Sudamina: la sudamina è la dermatite da sudore che compare più frequentemente nei bambini piccoli e colpisce le epidermidi più sottili e sensibili, che, in seguito al sudore, risultano irritate e arrossate. Per alleviare il fastidio derivante dalle bollicine di sudamina si possono fare degli impacchi di camomilla, oppure dei bagni a base di bicarbonato di sodio e amido di mais. Evitate di applicare sul corpo creme che possano ostruire i pori, e quindi anche le ghiandole sudoripare.

Scottatura: in caso di scottatura se non avete con voi la crema apposita potrete provvedere ad applicare sulla parte interessata delle fettine di patate per una ventina di minuti, oppure preparate una soluzione di latte e aceto. Mettete in una terrina mezzo bicchiere di latte e mezzo di aceto e lasciate riposare il liquido finché il latte comincerà a fare il caglio. Poi spalmatelo sulle zone arrossate. In alternativa montate delle chiare d’uova e spalmatele nella zona irritata, oppure ricorrete ad un bagno all’amido di riso, o a degli impacchi con acqua, aceto e olio d’oliva. Versate in un bicchiere due dita di acqua e due dita di olio ed aggiungere un cucchiaio di aceto. Bagnate un fazzoletto di cotone e mettetelo sulla zona ustionata lasciandolo fino a quando la stoffa non sarà calda. Ripetete l’operazione sino a quando non vedete che l’area non sarà più arrossata poi  idratate la pelle con un buon dopo sole o con una crema idratante.

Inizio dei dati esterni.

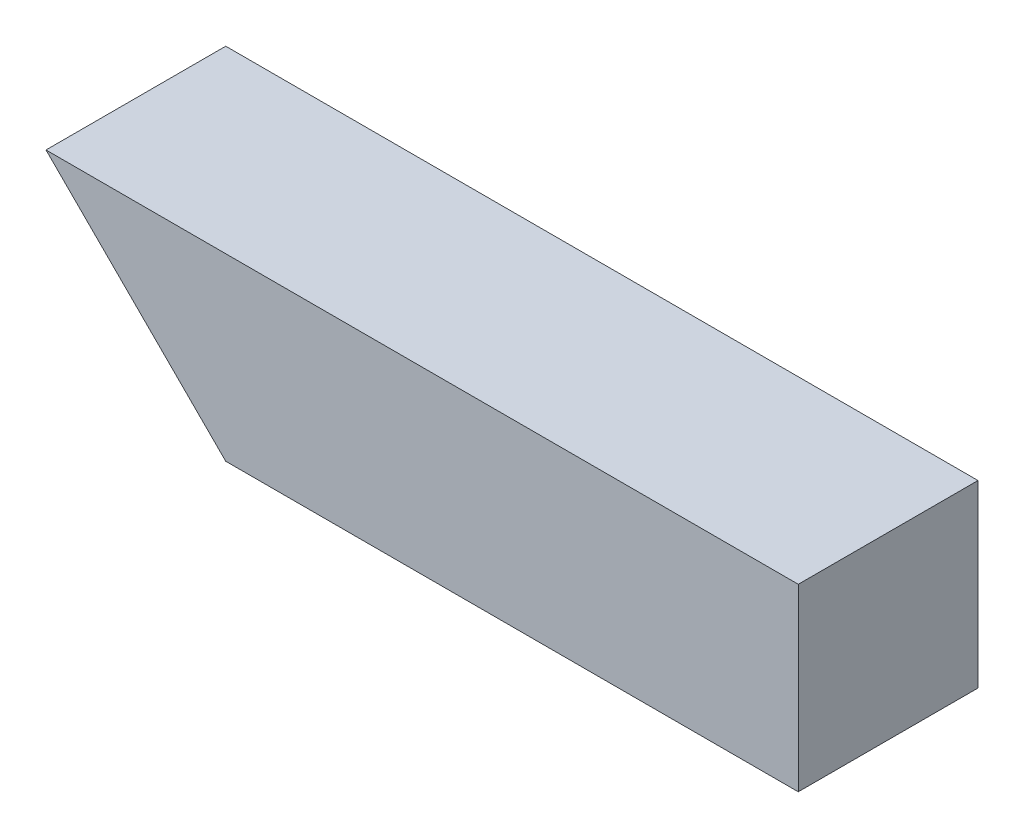
SolidWorks part; units mm, degrees
ref_plane "Front Plane" through (0, 0, 0) normal (0, 0, 1) x (1, 0, 0)
ref_plane "Top Plane" through (0, 0, 0) normal (0, 1, 0) x (1, 0, 0)
ref_plane "Right Plane" through (0, 0, 0) normal (1, 0, 0) x (0, 0, -1)
sketch "Sketch1" plane through (0, 0, 0) normal (1, 0, 0) x (0, 0, -1)
  line L1 (0, 0) -> (38.1, 0)
  line L2 (0, 0) -> (0, -38.1)
  line L3 (0, -38.1) -> (38.1, -38.1)
  line L4 (38.1, 0) -> (38.1, -38.1)
  dimension "D1" = 38.1
  dimension "D2" = 38.1
extrude "Boss-Extrude1" add sketch "Sketch1" along normal blind 159.4649
sketch "Sketch2" plane through (0, 0, 0) normal (0, 0, 1) x (1, 0, 0)
  line L0 (0, -38.1) -> (38.1, -38.1)
  line L1 (159.4649, -38.1) -> (0, -38.1) construction
  line L2 (38.1, -38.1) -> (0, 0)
  dimension "D1" = 38.1
extrude "Cut-Extrude1" cut sketch "Sketch2" against normal through all and the other way through all contours L0 L2

Eritema solare: l’eritema solare si manifesta con delle zone arrossate e pruriginose, molto fastidiose. Per ridurre questo sintomo potete usare delle fettine di patata o di mela da applicare per 15 minuti sulla parte. Oppure bagnate del pane e avvolgetelo in un canovaccio. Appoggiatelo e lasciatelo in posa in modo che attraverso il panno lasci passare l’amido che aiuterà ad alleviare il prurito. Anche in questo caso l’amido di riso è indicato.

Congiuntivite da sabbia: se si tratta di un problema momentaneo, di lieve entità e che non richiede l’intervento del medico, potete provare ad alleviare i sintomi della malattia con dei rimedi naturali come impacchi con della semplice acqua, con camomilla, ponendo delle fettine di patata per qualche minuto, oppure con una soluzione a base di tè, con dello yogurt da applicare sulla zona colpita dell’occhio, oppure con acqua e miele.